*** Block opens ***

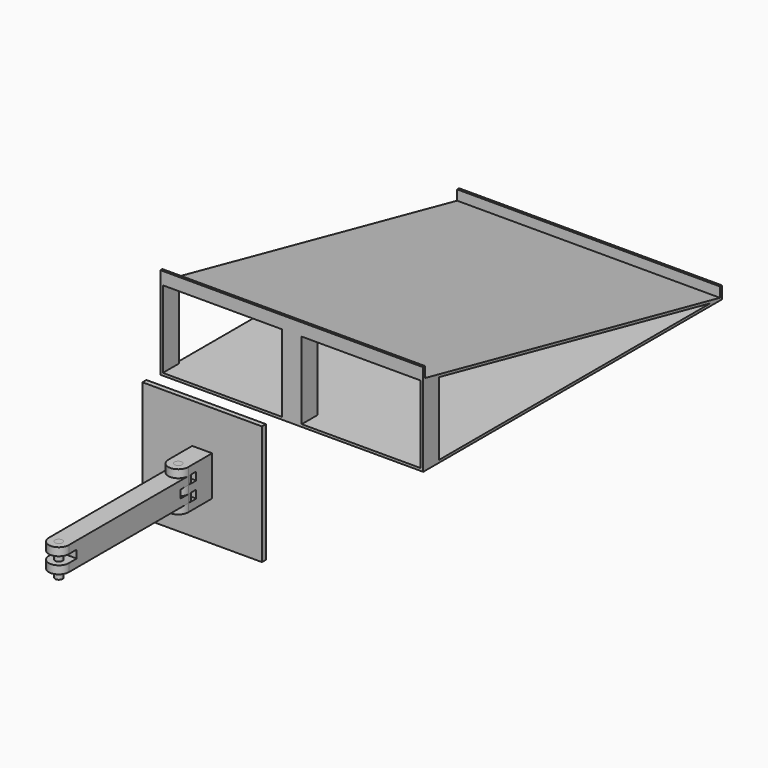
from build123d import *

# Parameters (mm, degrees)
F0_W          = 76.2
F0_H          = 76.2
F1_DEPTH      = 3.175
F2_W          = 12.7
F2_H          = 19.05
F3_DEPTH      = 12.7
F4_W          = 12.7
F4_H          = 5.08
F5_DEPTH      = 38.101
F5_DEPTH_BACK = 38.101
F6_W          = 12.7
F6_H          = 19.05
F7_DEPTH      = 7.62
F8_W          = 6.35
F8_H          = 5.08
F9_DEPTH      = 25.4
F10_R         = 2.38125
F11_DEPTH     = 50.801
F12_DEPTH     = 76.2
F14_DEPTH     = 15.24
F15_W         = 6.35
F15_H         = 5.08
F16_DEPTH     = 44.451
F17_R         = 2.38125
F18_DEPTH     = 45.721
F19_W         = 12.7
F19_H         = 12.7
F20_DEPTH     = 50.8
F22_DEPTH     = 44.451
F23_W         = 1.5875
F23_H         = 6.35
F24_DEPTH     = 83.82
F26_DEPTH     = 1.5875
F28_DEPTH     = 1.5875
F29_R         = 2.38125
F30_DEPTH     = 25.4
F31_R         = 2.38125
F32_DEPTH     = 20.32


with BuildPart() as f1:
    # F0 (on Front) → F1 (new body)
    with BuildSketch(Plane.XZ):
        Rectangle(F0_W, F0_H)
    extrude(amount=F1_DEPTH)


with BuildPart() as f3:
    # F2 (on Top) → F3 (new body, symmetric)
    with BuildSketch(Plane.XY):
        with Locations((0, -12.7)):
            Rectangle(F2_W, F2_H)
        with BuildLine():
            ThreePointArc((-6.35, -22.225), (0, -28.575), (6.35, -22.225))
            Line((6.35, -22.225), (-6.35, -22.225))
        make_face()
    extrude(amount=F3_DEPTH, both=True)

    # F4 (on Right) → F5 (cut, two sides)
    with BuildSketch(Plane.YZ) as f5_sk:
        with Locations((-22.225, 5.08)):
            Rectangle(F4_W, F4_H)
        with Locations((-22.225, -5.08)):
            Rectangle(F4_W, F4_H)
    extrude(amount=-F5_DEPTH, mode=Mode.SUBTRACT)
    extrude(f5_sk.sketch, amount=F5_DEPTH_BACK, mode=Mode.SUBTRACT)


with BuildPart() as f7:
    # F6 (on Top) → F7 (new body, symmetric)
    with BuildSketch(Plane.XY):
        with BuildLine():
            Line((-6.35, -22.225), (6.35, -22.225))
            ThreePointArc((6.35, -22.225), (0, -15.875), (-6.35, -22.225))
        make_face()
        with Locations((0, -31.75)):
            Rectangle(F6_W, F6_H)
    extrude(amount=F7_DEPTH, both=True)

    # F8 (on face) → F9 (cut)
    with BuildSketch(Plane.YZ.offset(6.35)):
        Polygon((-3.175, 12.7), (-22.225, 12.7), (-22.225, 7.62), (-15.875, 7.62), (-15.875, 2.54), (-22.225, 2.54), (-22.225, -2.54), (-15.875, -2.54), (-15.875, -7.62), (-22.225, -7.62), (-22.225, -12.7), (-3.175, -12.7), align=None)
        with Locations((-25.4, 0)):
            Rectangle(F8_W, F8_H)
    extrude(amount=-F9_DEPTH, mode=Mode.SUBTRACT)


with BuildPart() as f11_tool:
    # F10 (on face) → F11 (new body, through all)
    with BuildSketch(Plane.XY.offset(12.7)):
        with Locations((0, -22.225)):
            Circle(F10_R)
    extrude(amount=-F11_DEPTH)


with BuildPart() as f3_1:
    add(f3.part)

    # F11: cut by f11_tool
    add(f11_tool.part, mode=Mode.SUBTRACT)


with BuildPart() as f7_1:
    add(f7.part)

    # F11: cut by f11_tool
    add(f11_tool.part, mode=Mode.SUBTRACT)

    # F12 (add): a face of the model
    f12_faces = [f7_1.faces().sort_by_distance(p)[0] for p in [
        (0, -41.275, 0),
    ]]
    extrude(f12_faces, amount=F12_DEPTH)

    # F13 (on face) → F14 (join)
    with BuildSketch(Plane.XY.offset(7.62)):
        with BuildLine():
            Line((6.35, -117.475), (-6.35, -117.475))
            ThreePointArc((-6.35, -117.475), (0, -123.825), (6.35, -117.475))
        make_face()
    extrude(amount=-F14_DEPTH)

    # F15 (on face) → F16 (cut, through all)
    with BuildSketch(Plane.YZ.offset(6.35)):
        with Locations((-120.65, 0)):
            Rectangle(F15_W, F15_H)
        with Locations((-114.3, 0)):
            Rectangle(F15_W, F15_H)
    extrude(amount=-F16_DEPTH, mode=Mode.SUBTRACT)

    # F17 (on face) → F18 (cut, through all)
    with BuildSketch(Plane.XY.offset(7.62)):
        with Locations((0, -117.475)):
            Circle(F17_R)
    extrude(amount=-F18_DEPTH, mode=Mode.SUBTRACT)


with BuildPart() as f20:
    # F19 (on Top) → F20 (new body)
    with BuildSketch(Plane.XY):
        with Locations((0, 74.602655525)):
            Rectangle(F19_W, F19_H)
    extrude(amount=F20_DEPTH)

    # F21 (on face) → F22 (cut, through all)
    with BuildSketch(Plane.YZ.offset(6.35)):
        Polygon((68.252655525, 56.2568344176), (68.252655525, 50.8), (80.952655525, 48.0725299054), (81.430234015, 56.2568344176), align=None)
    extrude(amount=-F22_DEPTH, mode=Mode.SUBTRACT)

    # F23 (on Right) → F24 (join, symmetric)
    with BuildSketch(Plane.YZ):
        Polygon((297.2337353981, 0), (68.252655525, 0), (68.252655525, -1.5875), (306.3817041481, -1.5875), (306.3817041481, 0), (304.7942041481, 0), align=None)
        Polygon((68.252655525, 49.1763029593), (297.2337353981, 0), (304.7942041481, 0), (69.840155525, 50.4590662382), (68.252655525, 50.8), align=None)
        with Locations((305.5879541481, 3.175)):
            Rectangle(F23_W, F23_H)
        Polygon((68.252655525, 50.8), (69.840155525, 50.4590662382), (69.840155525, 57.15), (68.252655525, 57.15), align=None)
    extrude(amount=F24_DEPTH, both=True)

    # F25 (on face) → F26 (join)
    with BuildSketch(Plane.YZ.offset(83.82)):
        Polygon((80.952655525, 0), (80.952655525, 46.4488328647), (68.252655525, 49.1763029593), (68.252655525, 0), align=None)
    extrude(amount=-F26_DEPTH)

    # F27 (on face) → F28 (join)
    with BuildSketch(Plane(origin=(-83.82, 0, 0), x_dir=(0, -1, 0), z_dir=(-1, 0, 0))):
        Polygon((-80.952655525, 0), (-68.252655525, 0), (-68.252655525, 49.1763029593), (-80.952655525, 46.4488328647), align=None)
    extrude(amount=-F28_DEPTH)


with BuildPart() as f30:
    # F29 (on face) → F30 (new body)
    with BuildSketch(Plane.XY.offset(12.7)):
        with Locations((0, -22.225)):
            Circle(F29_R)
    extrude(amount=-F30_DEPTH)


with BuildPart() as f32:
    # F31 (on face) → F32 (new body)
    with BuildSketch(Plane.XY.offset(7.62)):
        with Locations((0, -117.475)):
            Circle(F31_R)
    extrude(amount=-F32_DEPTH)


solid = Compound([f1.part, f3_1.part, f7_1.part, f20.part, f30.part, f32.part])
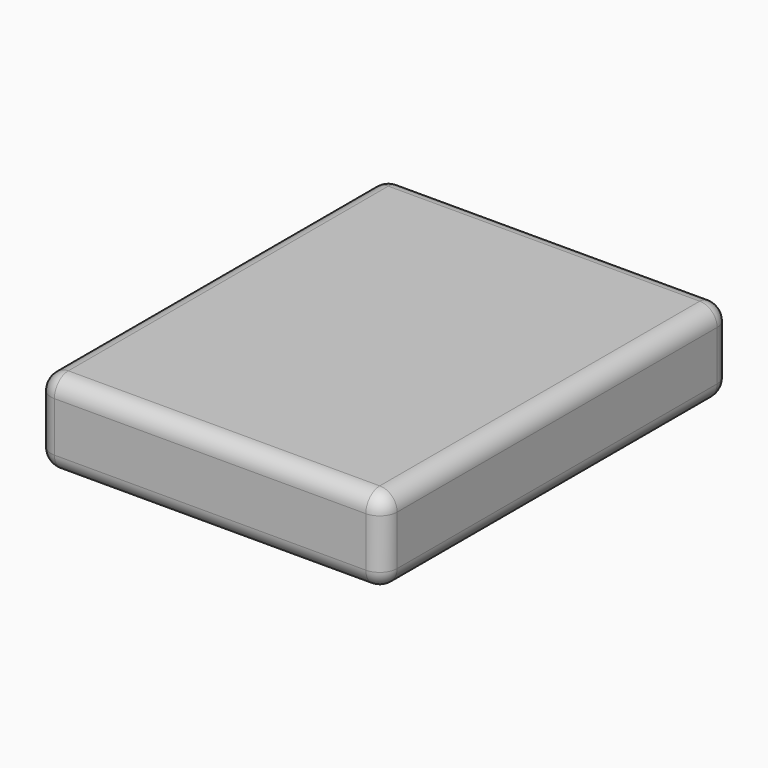
from build123d import *

# Parameters (mm, degrees)
F0_W     = 101.1528596282
F0_H     = 24.6861185879
F1_DEPTH = 63.5
F2_R     = 5.08


# Not quite as in the source:
# - a feature names something its author has since deleted; it is built from what else it names


with BuildPart() as f1:
    # F0 (on Front) → F1 (new body, symmetric)
    with BuildSketch(Plane.XZ):
        Rectangle(F0_W, F0_H)
    extrude(amount=F1_DEPTH, both=True)

    # F2
    f2_edges = [f1.edges().sort_by_distance(p)[0] for p in [
        (0, -63.5, 12.343059),
        (-50.57643, -63.5, 0),
        (0, -63.5, -12.343059),
        (50.57643, -63.5, 0),
        (50.57643, 63.5, 0),
        (50.57643, 0, 12.343059),
        (50.57643, 0, -12.343059),
        (-50.57643, 0, 12.343059),
        (-50.57643, 63.5, 0),
        (-50.57643, 0, -12.343059),
        (0, 63.5, 12.343059),
        (0, 63.5, -12.343059),
    ]]
    fillet(f2_edges, radius=F2_R)


solid = f1.part

*** Block closes ***

# Task instructions
Please reproduce, word for word, every line from the line with "f2_edges = [f1.edges().sort_by_distance(p)[0]" to the final line above, including both ends.

# Response for this exercise
    f2_edges = [f1.edges().sort_by_distance(p)[0] for p in [
        (0, -63.5, 12.343059),
        (-50.57643, -63.5, 0),
        (0, -63.5, -12.343059),
        (50.57643, -63.5, 0),
        (50.57643, 63.5, 0),
        (50.57643, 0, 12.343059),
        (50.57643, 0, -12.343059),
        (-50.57643, 0, 12.343059),
        (-50.57643, 63.5, 0),
        (-50.57643, 0, -12.343059),
        (0, 63.5, 12.343059),
        (0, 63.5, -12.343059),
    ]]
    fillet(f2_edges, radius=F2_R)


solid = f1.part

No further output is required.